Die Arbeit an einer Öl- und Gasanlage mitten in der Nordsee ist nie ein einfaches Unterfangen. Für die eng zusammengeschweißte Mannschaft von KAEFER Energy in Norwegen, die den schwierigen Bedingungen trotzt, gehört das alles zum Job.

Wenn man dem längsten Offshore-Stromkabel der Welt von der norwegischen Küste für 162 Kilometer folgt, erreicht man schließlich die Öl- und Gasanlage Martin Linge. Weit draußen in der Nordsee herrscht ein kaltes und raues Klima. Öl und Gas wurden hier bereits 1978 entdeckt und die Anlagen zur Förderung dieser Ressourcen wurden traditionell mit Generatoren vor Ort betrieben. Jetzt ist die von Equinor betriebene Anlage an die Landstromversorgung angeschlossen, was die CO2-Emissionen um 200.000 Tonnen pro Jahr reduziert – das entspricht den Emissionen von etwa 100.000 Autos. Dank des Kabels kann das Martin Linge Feld auch von Land aus betrieben werden, sodass weniger Personal vor Ort sein muss.

Martin Linge Feld

Für Janne Goa, Ressourcenkoordinatorin bei KAEFER Energy, ist Martin Linge ein Abenteuer. „Es handelt sich um eine Plattform, die erheblich modernisiert werden musste, um für die norwegischen Bedingungen gerüstet zu sein." Bauleiter Tor Magne Gundersen stimmt dem zu: „Es war größer, als wir es uns je hätten vorstellen können", sagt er. „Der organisatorische Teil des Projekts war eine wahnsinnig anspruchsvolle Aufgabe. Ich bin unglaublich beeindruckt von den Anstrengungen, die unsere Personalabteilung unternommen hat, um Personal bereitzustellen, damit wir unsere Ziele erreichen konnten."

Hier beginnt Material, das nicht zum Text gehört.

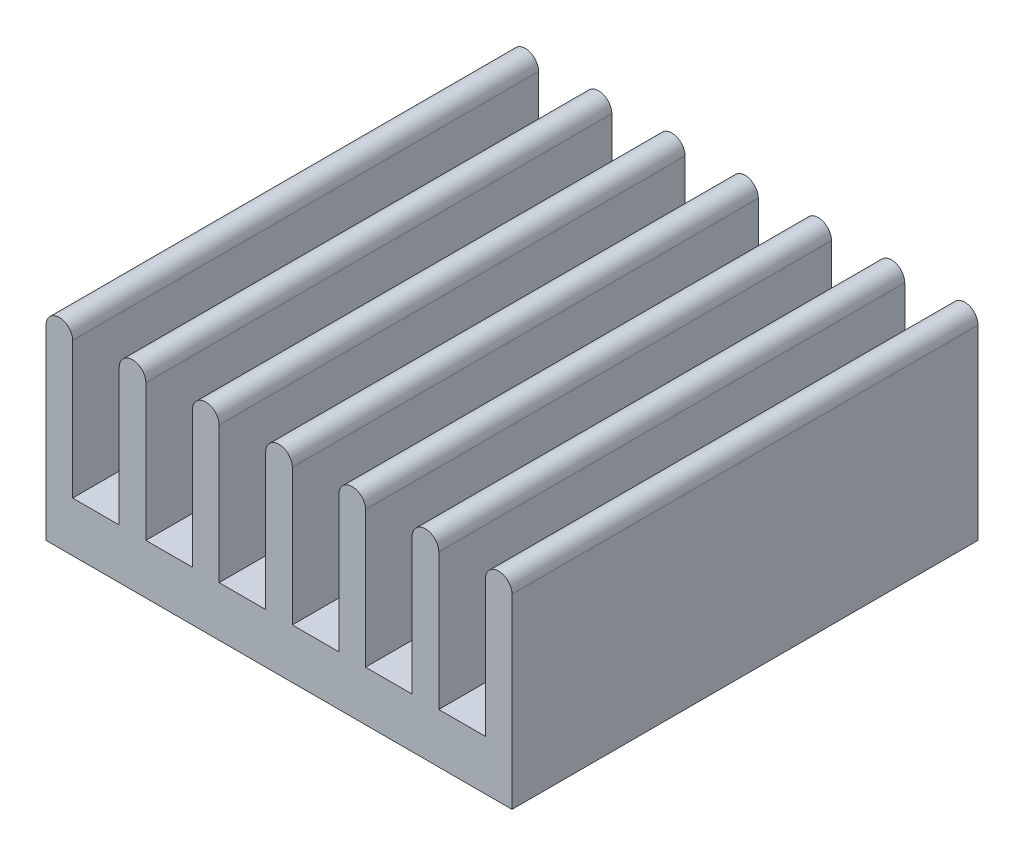
ISO-10303-21;
HEADER;
FILE_DESCRIPTION(('STEP AP214'),'2;1');
FILE_NAME('part.step','',(''),(''),'','','');
FILE_SCHEMA(('AUTOMOTIVE_DESIGN { 1 0 10303 214 1 1 1 1 }'));
ENDSEC;
DATA;
#1=APPLICATION_CONTEXT('core data for automotive mechanical design processes');
#2=APPLICATION_PROTOCOL_DEFINITION('international standard','automotive_design',2000,#1);
#3=PRODUCT_CONTEXT('',#1,'mechanical');
#4=PRODUCT('Part','Part','',(#3));
#5=PRODUCT_RELATED_PRODUCT_CATEGORY('part','',(#4));
#6=PRODUCT_DEFINITION_FORMATION('','',#4);
#7=PRODUCT_DEFINITION_CONTEXT('part definition',#1,'design');
#8=PRODUCT_DEFINITION('design','',#6,#7);
#9=PRODUCT_DEFINITION_SHAPE('','',#8);
#10=(LENGTH_UNIT() NAMED_UNIT(*) SI_UNIT(.MILLI.,.METRE.));
#11=(NAMED_UNIT(*) PLANE_ANGLE_UNIT() SI_UNIT($,.RADIAN.));
#12=(NAMED_UNIT(*) SI_UNIT($,.STERADIAN.) SOLID_ANGLE_UNIT());
#13=UNCERTAINTY_MEASURE_WITH_UNIT(LENGTH_MEASURE(1.E-05),#10,'distance_accuracy_value','');
#14=(GEOMETRIC_REPRESENTATION_CONTEXT(3) GLOBAL_UNCERTAINTY_ASSIGNED_CONTEXT((#13)) GLOBAL_UNIT_ASSIGNED_CONTEXT((#10,
#11,#12)) REPRESENTATION_CONTEXT('',''));
#15=CARTESIAN_POINT('',(0.,0.,0.));
#16=DIRECTION('',(0.,0.,1.));
#17=DIRECTION('',(1.,0.,0.));
#18=AXIS2_PLACEMENT_3D('',#15,#16,#17);
#19=CARTESIAN_POINT('',(-22.4999999999967,-6.44999999998326,3.25));
#20=DIRECTION('',(0.,-1.,0.));
#21=DIRECTION('',(-1.,0.,0.));
#22=AXIS2_PLACEMENT_3D('',#19,#20,#21);
#23=PLANE('',#22);
#24=DIRECTION('',(1.,0.,0.));
#25=VECTOR('',#24,1.);
#26=CARTESIAN_POINT('',(-22.4999999999967,-6.44999999998326,-3.75));
#27=LINE('',#26,#25);
#28=CARTESIAN_POINT('',(-22.4999999999967,-6.44999999998326,-3.75));
#29=VERTEX_POINT('',#28);
#30=CARTESIAN_POINT('',(-8.49999999999675,-6.44999999998326,-3.75));
#31=VERTEX_POINT('',#30);
#32=EDGE_CURVE('E11',#29,#31,#27,.T.);
#33=ORIENTED_EDGE('',*,*,#32,.T.);
#34=DIRECTION('',(0.,0.,-1.));
#35=VECTOR('',#34,1.);
#36=CARTESIAN_POINT('',(-8.49999999999675,-6.44999999998326,10.25));
#37=LINE('',#36,#35);
#38=CARTESIAN_POINT('',(-8.49999999999675,-6.44999999998326,10.25));
#39=VERTEX_POINT('',#38);
#40=EDGE_CURVE('E42',#39,#31,#37,.T.);
#41=ORIENTED_EDGE('',*,*,#40,.F.);
#42=DIRECTION('',(1.,0.,0.));
#43=VECTOR('',#42,1.);
#44=CARTESIAN_POINT('',(-22.4999999999967,-6.44999999998325,10.25));
#45=LINE('',#44,#43);
#46=CARTESIAN_POINT('',(-22.4999999999967,-6.44999999998325,10.25));
#47=VERTEX_POINT('',#46);
#48=EDGE_CURVE('E223',#47,#39,#45,.T.);
#49=ORIENTED_EDGE('',*,*,#48,.F.);
#50=DIRECTION('',(0.,0.,-1.));
#51=VECTOR('',#50,1.);
#52=CARTESIAN_POINT('',(-22.4999999999967,-6.44999999998325,10.25));
#53=LINE('',#52,#51);
#54=EDGE_CURVE('E28',#47,#29,#53,.T.);
#55=ORIENTED_EDGE('',*,*,#54,.T.);
#56=EDGE_LOOP('',(#33,#41,#49,#55));
#57=FACE_BOUND('',#56,.T.);
#58=ADVANCED_FACE('F17',(#57),#23,.T.);
#59=CARTESIAN_POINT('',(-15.4999999999967,-6.44999999998326,-3.75));
#60=DIRECTION('',(0.,0.,-1.));
#61=DIRECTION('',(0.,-1.,0.));
#62=AXIS2_PLACEMENT_3D('',#59,#60,#61);
#63=PLANE('',#62);
#64=CARTESIAN_POINT('',(-22.0999999999967,-0.849999999983262,-3.75));
#65=DIRECTION('',(0.,0.,1.));
#66=DIRECTION('',(-1.,0.,0.));
#67=AXIS2_PLACEMENT_3D('',#64,#65,#66);
#68=CIRCLE('',#67,0.4);
#69=CARTESIAN_POINT('',(-21.6999999999967,-0.849999999983261,-3.75));
#70=VERTEX_POINT('',#69);
#71=CARTESIAN_POINT('',(-22.4999999999967,-0.849999999983261,-3.75));
#72=VERTEX_POINT('',#71);
#73=EDGE_CURVE('E21',#70,#72,#68,.T.);
#74=ORIENTED_EDGE('',*,*,#73,.F.);
#75=DIRECTION('',(0.,1.,0.));
#76=VECTOR('',#75,1.);
#77=CARTESIAN_POINT('',(-21.6999999999967,-4.94999999998326,-3.75));
#78=LINE('',#77,#76);
#79=CARTESIAN_POINT('',(-21.6999999999967,-4.94999999998326,-3.75));
#80=VERTEX_POINT('',#79);
#81=EDGE_CURVE('E430',#80,#70,#78,.T.);
#82=ORIENTED_EDGE('',*,*,#81,.F.);
#83=DIRECTION('',(-1.,0.,0.));
#84=VECTOR('',#83,1.);
#85=CARTESIAN_POINT('',(-20.2999999999967,-4.94999999998325,-3.75));
#86=LINE('',#85,#84);
#87=CARTESIAN_POINT('',(-20.2999999999967,-4.94999999998324,-3.75));
#88=VERTEX_POINT('',#87);
#89=EDGE_CURVE('E494',#88,#80,#86,.T.);
#90=ORIENTED_EDGE('',*,*,#89,.F.);
#91=DIRECTION('',(0.,-1.,0.));
#92=VECTOR('',#91,1.);
#93=CARTESIAN_POINT('',(-20.2999999999967,-0.849999999983261,-3.75));
#94=LINE('',#93,#92);
#95=CARTESIAN_POINT('',(-20.2999999999967,-0.849999999983261,-3.75));
#96=VERTEX_POINT('',#95);
#97=EDGE_CURVE('E347',#96,#88,#94,.T.);
#98=ORIENTED_EDGE('',*,*,#97,.F.);
#99=CARTESIAN_POINT('',(-19.8999999999967,-0.849999999983264,-3.75));
#100=DIRECTION('',(0.,0.,1.));
#101=DIRECTION('',(-1.,0.,0.));
#102=AXIS2_PLACEMENT_3D('',#99,#100,#101);
#103=CIRCLE('',#102,0.4);
#104=CARTESIAN_POINT('',(-19.4999999999967,-0.849999999983261,-3.75));
#105=VERTEX_POINT('',#104);
#106=EDGE_CURVE('E346',#105,#96,#103,.T.);
#107=ORIENTED_EDGE('',*,*,#106,.F.);
#108=DIRECTION('',(0.,1.,0.));
#109=VECTOR('',#108,1.);
#110=CARTESIAN_POINT('',(-19.4999999999967,-4.94999999998326,-3.75));
#111=LINE('',#110,#109);
#112=CARTESIAN_POINT('',(-19.4999999999967,-4.94999999998326,-3.75));
#113=VERTEX_POINT('',#112);
#114=EDGE_CURVE('E336',#113,#105,#111,.T.);
#115=ORIENTED_EDGE('',*,*,#114,.F.);
#116=DIRECTION('',(-1.,0.,0.));
#117=VECTOR('',#116,1.);
#118=CARTESIAN_POINT('',(-18.0999999999967,-4.94999999998327,-3.75));
#119=LINE('',#118,#117);
#120=CARTESIAN_POINT('',(-18.0999999999967,-4.94999999998327,-3.75));
#121=VERTEX_POINT('',#120);
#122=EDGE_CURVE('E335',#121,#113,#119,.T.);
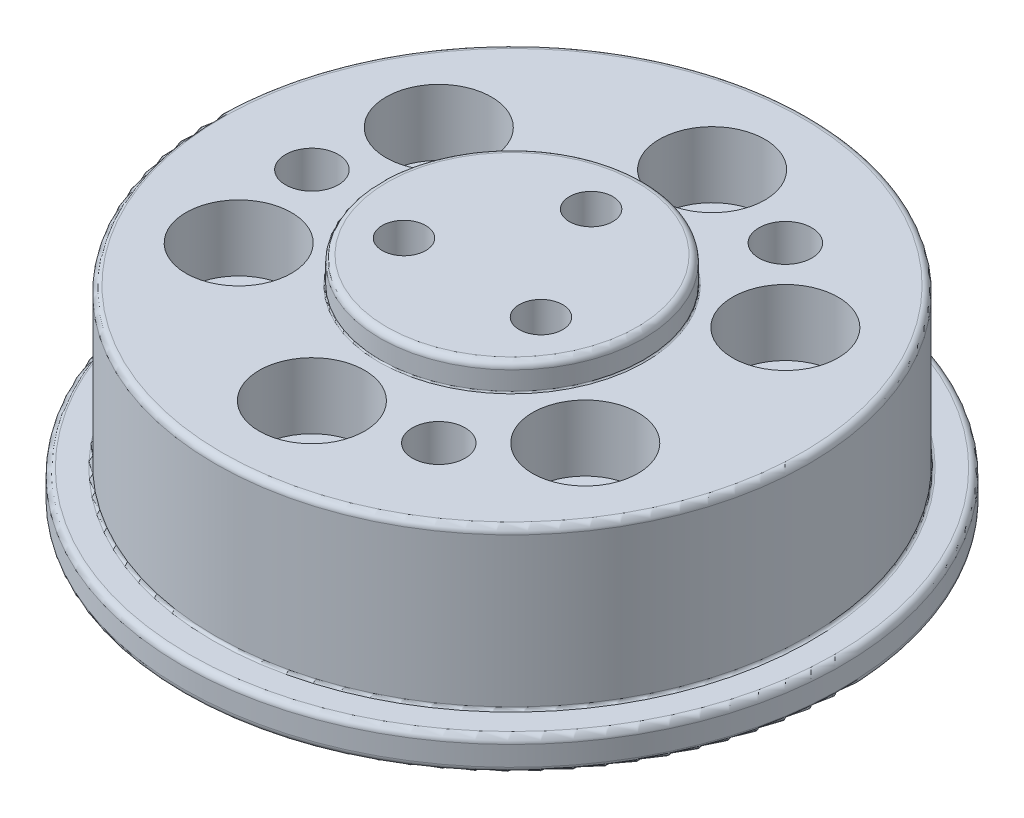
ISO-10303-21;
HEADER;
FILE_DESCRIPTION(('STEP AP214'),'2;1');
FILE_NAME('part.step','',(''),(''),'','','');
FILE_SCHEMA(('AUTOMOTIVE_DESIGN { 1 0 10303 214 1 1 1 1 }'));
ENDSEC;
DATA;
#1=APPLICATION_CONTEXT('core data for automotive mechanical design processes');
#2=APPLICATION_PROTOCOL_DEFINITION('international standard','automotive_design',2000,#1);
#3=PRODUCT_CONTEXT('',#1,'mechanical');
#4=PRODUCT('Part','Part','',(#3));
#5=PRODUCT_RELATED_PRODUCT_CATEGORY('part','',(#4));
#6=PRODUCT_DEFINITION_FORMATION('','',#4);
#7=PRODUCT_DEFINITION_CONTEXT('part definition',#1,'design');
#8=PRODUCT_DEFINITION('design','',#6,#7);
#9=PRODUCT_DEFINITION_SHAPE('','',#8);
#10=(LENGTH_UNIT() NAMED_UNIT(*) SI_UNIT(.MILLI.,.METRE.));
#11=(NAMED_UNIT(*) PLANE_ANGLE_UNIT() SI_UNIT($,.RADIAN.));
#12=(NAMED_UNIT(*) SI_UNIT($,.STERADIAN.) SOLID_ANGLE_UNIT());
#13=UNCERTAINTY_MEASURE_WITH_UNIT(LENGTH_MEASURE(1.E-05),#10,'distance_accuracy_value','');
#14=(GEOMETRIC_REPRESENTATION_CONTEXT(3) GLOBAL_UNCERTAINTY_ASSIGNED_CONTEXT((#13)) GLOBAL_UNIT_ASSIGNED_CONTEXT((#10,
#11,#12)) REPRESENTATION_CONTEXT('',''));
#15=CARTESIAN_POINT('',(0.,0.,0.));
#16=DIRECTION('',(0.,0.,1.));
#17=DIRECTION('',(1.,0.,0.));
#18=AXIS2_PLACEMENT_3D('',#15,#16,#17);
#19=CARTESIAN_POINT('',(0.,2.5,0.));
#20=DIRECTION('',(0.,-1.,0.));
#21=DIRECTION('',(0.,0.,-1.));
#22=AXIS2_PLACEMENT_3D('',#19,#20,#21);
#23=CYLINDRICAL_SURFACE('',#22,10.1);
#24=CARTESIAN_POINT('',(0.,0.5,0.));
#25=DIRECTION('',(0.,1.,0.));
#26=DIRECTION('',(0.,0.,1.));
#27=AXIS2_PLACEMENT_3D('',#24,#25,#26);
#28=CIRCLE('',#27,10.1);
#29=CARTESIAN_POINT('',(0.,0.5,10.1));
#30=VERTEX_POINT('',#29);
#31=EDGE_CURVE('E156',#30,#30,#28,.T.);
#32=ORIENTED_EDGE('',*,*,#31,.T.);
#33=EDGE_LOOP('',(#32));
#34=FACE_BOUND('',#33,.T.);
#35=CARTESIAN_POINT('',(0.,2.,0.));
#36=DIRECTION('',(0.,1.,0.));
#37=DIRECTION('',(0.,0.,1.));
#38=AXIS2_PLACEMENT_3D('',#35,#36,#37);
#39=CIRCLE('',#38,10.1);
#40=CARTESIAN_POINT('',(0.,2.,10.1));
#41=VERTEX_POINT('',#40);
#42=EDGE_CURVE('E143',#41,#41,#39,.F.);
#43=ORIENTED_EDGE('',*,*,#42,.T.);
#44=EDGE_LOOP('',(#43));
#45=FACE_BOUND('',#44,.T.);
#46=ADVANCED_FACE('F34',(#34,#45),#23,.T.);
#47=CARTESIAN_POINT('',(0.,0.,0.));
#48=DIRECTION('',(0.,1.,0.));
#49=DIRECTION('',(0.,0.,1.));
#50=AXIS2_PLACEMENT_3D('',#47,#48,#49);
#51=PLANE('',#50);
#52=CARTESIAN_POINT('',(0.,0.,0.));
#53=DIRECTION('',(0.,1.,0.));
#54=DIRECTION('',(0.,0.,1.));
#55=AXIS2_PLACEMENT_3D('',#52,#53,#54);
#56=CIRCLE('',#55,9.6);
#57=CARTESIAN_POINT('',(0.,0.,9.6));
#58=VERTEX_POINT('',#57);
#59=EDGE_CURVE('E159',#58,#58,#56,.F.);
#60=ORIENTED_EDGE('',*,*,#59,.T.);
#61=EDGE_LOOP('',(#60));
#62=FACE_BOUND('',#61,.T.);
#63=ADVANCED_FACE('F215',(#62),#51,.F.);
#64=CARTESIAN_POINT('',(0.,5.,0.));
#65=DIRECTION('',(0.,-1.,0.));
#66=DIRECTION('',(0.,0.,-1.));
#67=AXIS2_PLACEMENT_3D('',#64,#65,#66);
#68=CYLINDRICAL_SURFACE('',#67,25.);
#69=CARTESIAN_POINT('',(0.,3.,0.));
#70=DIRECTION('',(0.,1.,0.));
#71=DIRECTION('',(0.,0.,1.));
#72=AXIS2_PLACEMENT_3D('',#69,#70,#71);
#73=CIRCLE('',#72,25.);
#74=CARTESIAN_POINT('',(0.,3.,25.));
#75=VERTEX_POINT('',#74);
#76=EDGE_CURVE('E171',#75,#75,#73,.T.);
#77=ORIENTED_EDGE('',*,*,#76,.T.);
#78=EDGE_LOOP('',(#77));
#79=FACE_BOUND('',#78,.T.);
#80=CARTESIAN_POINT('',(0.,4.5,0.));
#81=DIRECTION('',(0.,1.,0.));
#82=DIRECTION('',(0.,0.,1.));
#83=AXIS2_PLACEMENT_3D('',#80,#81,#82);
#84=CIRCLE('',#83,25.);
#85=CARTESIAN_POINT('',(0.,4.5,25.));
#86=VERTEX_POINT('',#85);
#87=EDGE_CURVE('E168',#86,#86,#84,.F.);
#88=ORIENTED_EDGE('',*,*,#87,.T.);
#89=EDGE_LOOP('',(#88));
#90=FACE_BOUND('',#89,.T.);
#91=ADVANCED_FACE('F221',(#79,#90),#68,.T.);
#92=CARTESIAN_POINT('',(0.,5.,0.));
#93=DIRECTION('',(0.,1.,0.));
#94=DIRECTION('',(0.,0.,1.));
#95=AXIS2_PLACEMENT_3D('',#92,#93,#94);
#96=PLANE('',#95);
#97=CARTESIAN_POINT('',(0.,5.,0.));
#98=DIRECTION('',(0.,1.,0.));
#99=DIRECTION('',(0.,0.,1.));
#100=AXIS2_PLACEMENT_3D('',#97,#98,#99);
#101=CIRCLE('',#100,22.7);
#102=CARTESIAN_POINT('',(0.,5.,22.7));
#103=VERTEX_POINT('',#102);
#104=EDGE_CURVE('E186',#103,#103,#101,.F.);
#105=ORIENTED_EDGE('',*,*,#104,.T.);
#106=EDGE_LOOP('',(#105));
#107=FACE_BOUND('',#106,.T.);
#108=CARTESIAN_POINT('',(0.,5.,0.));
#109=DIRECTION('',(0.,1.,0.));
#110=DIRECTION('',(0.,0.,1.));
#111=AXIS2_PLACEMENT_3D('',#108,#109,#110);
#112=CIRCLE('',#111,24.5);
#113=CARTESIAN_POINT('',(0.,5.,24.5));
#114=VERTEX_POINT('',#113);
#115=EDGE_CURVE('E174',#114,#114,#112,.T.);
#116=ORIENTED_EDGE('',*,*,#115,.T.);
#117=EDGE_LOOP('',(#116));
#118=FACE_BOUND('',#117,.T.);
#119=ADVANCED_FACE('F309',(#107,#118),#96,.T.);
#120=CARTESIAN_POINT('',(0.,2.5,0.));
#121=DIRECTION('',(0.,1.,0.));
#122=DIRECTION('',(0.,0.,1.));
#123=AXIS2_PLACEMENT_3D('',#120,#121,#122);
#124=PLANE('',#123);
#125=CARTESIAN_POINT('',(7.58999999999988,2.5,-13.1462656294478));
#126=DIRECTION('',(0.,1.,0.));
#127=DIRECTION('',(0.,0.,1.));
#128=AXIS2_PLACEMENT_3D('',#125,#126,#127);
#129=CIRCLE('',#128,2.);
#130=CARTESIAN_POINT('',(7.58999999999988,2.5,-11.1462656294478));
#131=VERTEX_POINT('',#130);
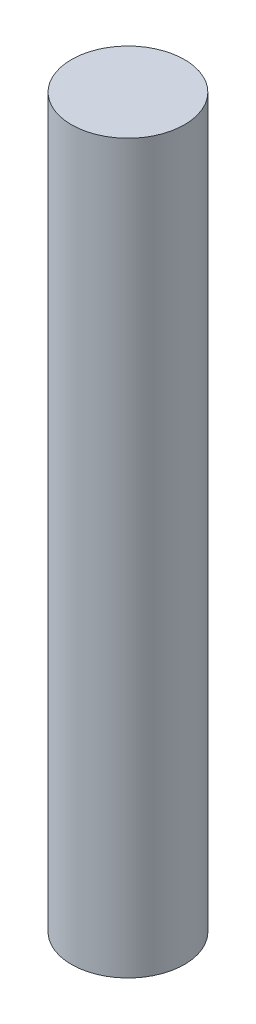
ISO-10303-21;
HEADER;
FILE_DESCRIPTION(('STEP AP214'),'2;1');
FILE_NAME('part.step','',(''),(''),'','','');
FILE_SCHEMA(('AUTOMOTIVE_DESIGN { 1 0 10303 214 1 1 1 1 }'));
ENDSEC;
DATA;
#1=APPLICATION_CONTEXT('core data for automotive mechanical design processes');
#2=APPLICATION_PROTOCOL_DEFINITION('international standard','automotive_design',2000,#1);
#3=PRODUCT_CONTEXT('',#1,'mechanical');
#4=PRODUCT('Part','Part','',(#3));
#5=PRODUCT_RELATED_PRODUCT_CATEGORY('part','',(#4));
#6=PRODUCT_DEFINITION_FORMATION('','',#4);
#7=PRODUCT_DEFINITION_CONTEXT('part definition',#1,'design');
#8=PRODUCT_DEFINITION('design','',#6,#7);
#9=PRODUCT_DEFINITION_SHAPE('','',#8);
#10=(LENGTH_UNIT() NAMED_UNIT(*) SI_UNIT(.MILLI.,.METRE.));
#11=(NAMED_UNIT(*) PLANE_ANGLE_UNIT() SI_UNIT($,.RADIAN.));
#12=(NAMED_UNIT(*) SI_UNIT($,.STERADIAN.) SOLID_ANGLE_UNIT());
#13=UNCERTAINTY_MEASURE_WITH_UNIT(LENGTH_MEASURE(1.E-05),#10,'distance_accuracy_value','');
#14=(GEOMETRIC_REPRESENTATION_CONTEXT(3) GLOBAL_UNCERTAINTY_ASSIGNED_CONTEXT((#13)) GLOBAL_UNIT_ASSIGNED_CONTEXT((#10,
#11,#12)) REPRESENTATION_CONTEXT('',''));
#15=CARTESIAN_POINT('',(0.,0.,0.));
#16=DIRECTION('',(0.,0.,1.));
#17=DIRECTION('',(1.,0.,0.));
#18=AXIS2_PLACEMENT_3D('',#15,#16,#17);
#19=CARTESIAN_POINT('',(0.,469.9,0.));
#20=DIRECTION('',(0.,-1.,0.));
#21=DIRECTION('',(0.,0.,-1.));
#22=AXIS2_PLACEMENT_3D('',#19,#20,#21);
#23=CYLINDRICAL_SURFACE('',#22,36.5125);
#24=CARTESIAN_POINT('',(0.,469.9,0.));
#25=DIRECTION('',(0.,1.,0.));
#26=DIRECTION('',(0.,0.,1.));
#27=AXIS2_PLACEMENT_3D('',#24,#25,#26);
#28=CIRCLE('',#27,36.5125);
#29=CARTESIAN_POINT('',(0.,469.9,36.5125));
#30=VERTEX_POINT('',#29);
#31=EDGE_CURVE('E10',#30,#30,#28,.T.);
#32=ORIENTED_EDGE('',*,*,#31,.F.);
#33=EDGE_LOOP('',(#32));
#34=FACE_BOUND('',#33,.T.);
#35=CARTESIAN_POINT('',(0.,0.,0.));
#36=DIRECTION('',(0.,1.,0.));
#37=DIRECTION('',(0.,0.,1.));
#38=AXIS2_PLACEMENT_3D('',#35,#36,#37);
#39=CIRCLE('',#38,36.5125);
#40=CARTESIAN_POINT('',(0.,0.,36.5125));
#41=VERTEX_POINT('',#40);
#42=EDGE_CURVE('E36',#41,#41,#39,.T.);
#43=ORIENTED_EDGE('',*,*,#42,.T.);
#44=EDGE_LOOP('',(#43));
#45=FACE_BOUND('',#44,.T.);
#46=ADVANCED_FACE('F33',(#34,#45),#23,.T.);
#47=CARTESIAN_POINT('',(0.,469.9,0.));
#48=DIRECTION('',(0.,1.,0.));
#49=DIRECTION('',(0.,0.,1.));
#50=AXIS2_PLACEMENT_3D('',#47,#48,#49);
#51=PLANE('',#50);
#52=ORIENTED_EDGE('',*,*,#31,.T.);
#53=EDGE_LOOP('',(#52));
#54=FACE_BOUND('',#53,.T.);
#55=ADVANCED_FACE('F48',(#54),#51,.T.);
#56=CARTESIAN_POINT('',(0.,0.,0.));
#57=DIRECTION('',(0.,1.,0.));
#58=DIRECTION('',(0.,0.,1.));
#59=AXIS2_PLACEMENT_3D('',#56,#57,#58);
#60=PLANE('',#59);
#61=ORIENTED_EDGE('',*,*,#42,.F.);
#62=EDGE_LOOP('',(#61));
#63=FACE_BOUND('',#62,.T.);
#64=ADVANCED_FACE('F46',(#63),#60,.F.);
#65=CLOSED_SHELL('',(#46,#55,#64));
#66=MANIFOLD_SOLID_BREP('B2',#65);
#67=ADVANCED_BREP_SHAPE_REPRESENTATION('',(#18,#66),#14);
#68=SHAPE_DEFINITION_REPRESENTATION(#9,#67);
ENDSEC;
END-ISO-10303-21;

Eine große Aufgabe, um es vorsichtig auszudrücken

Als Lieferant war KAEFER Energy für Projektmanagement, Werkstattplanung, Fertigung in den Bereichen Isolierung, Oberflächenschutz, passiver Brandschutz und Seilzugang verantwortlich. „Darüber hinaus", so Jens Tolås, Leiter Offshore von KAEFER Energy, „waren wir für Heizung, Lüftung und Klimatisierung zuständig. Das war keine leichte Aufgabe."


Nur gemeinsam konnten wir die Herausforderungen bewältigen und ich bin stolz darauf, Teil einer so tollen Mannschaft zu sein.

Doch trotz der schwierigen Umweltbedingungen und der Tatsache, dass das Projekt in einer der intensivsten Phasen der COVID-19-Pandemie abgeschlossen werden musste, wurde alles effizient und vor allem sicher durchgeführt. Es gab mehr als 13.000 Offshore-Einsätze ohne ernsthafte Zwischenfälle für Mensch und Umwelt. Dies deutet auf eine ausgeprägte Sicherheitskultur hin sowie auf das Engagement jedes einzelnen Mitarbeiters, zu einem sicheren Arbeitsplatz beizutragen.

Eine erfahrene Mannschaft

Neben der Tatsache, dass die Arbeiten zur Zufriedenheit des Kunden abgeschlossen werden konnten und die Mannschaft von KAEFER sicher und wohlbehalten von diesem „Abenteuer" zurückkehrte, schätzten die Kollegen auch die kollegiale Zusammenarbeit im Team. Ingenieur Lars Bertelsen „liebte die Vielseitigkeit der Arbeit und die Zusammenarbeit mit einem tollen Team". Leiter Seilzugangstechnik Øystein Tofting kommentiert: „Das Beste an KAEFER Energy sind die Menschen und die Möglichkeit, jeden Tag etwas anderes zu tun." Janne Goa stimmt dem zu und fügt hinzu: „Wir haben alle zusammengehalten und uns großen Herausforderungen gestellt. Nur gemeinsam konnten wir sie bewältigen und ich bin stolz darauf, Teil einer so tollen Mannschaft zu sein."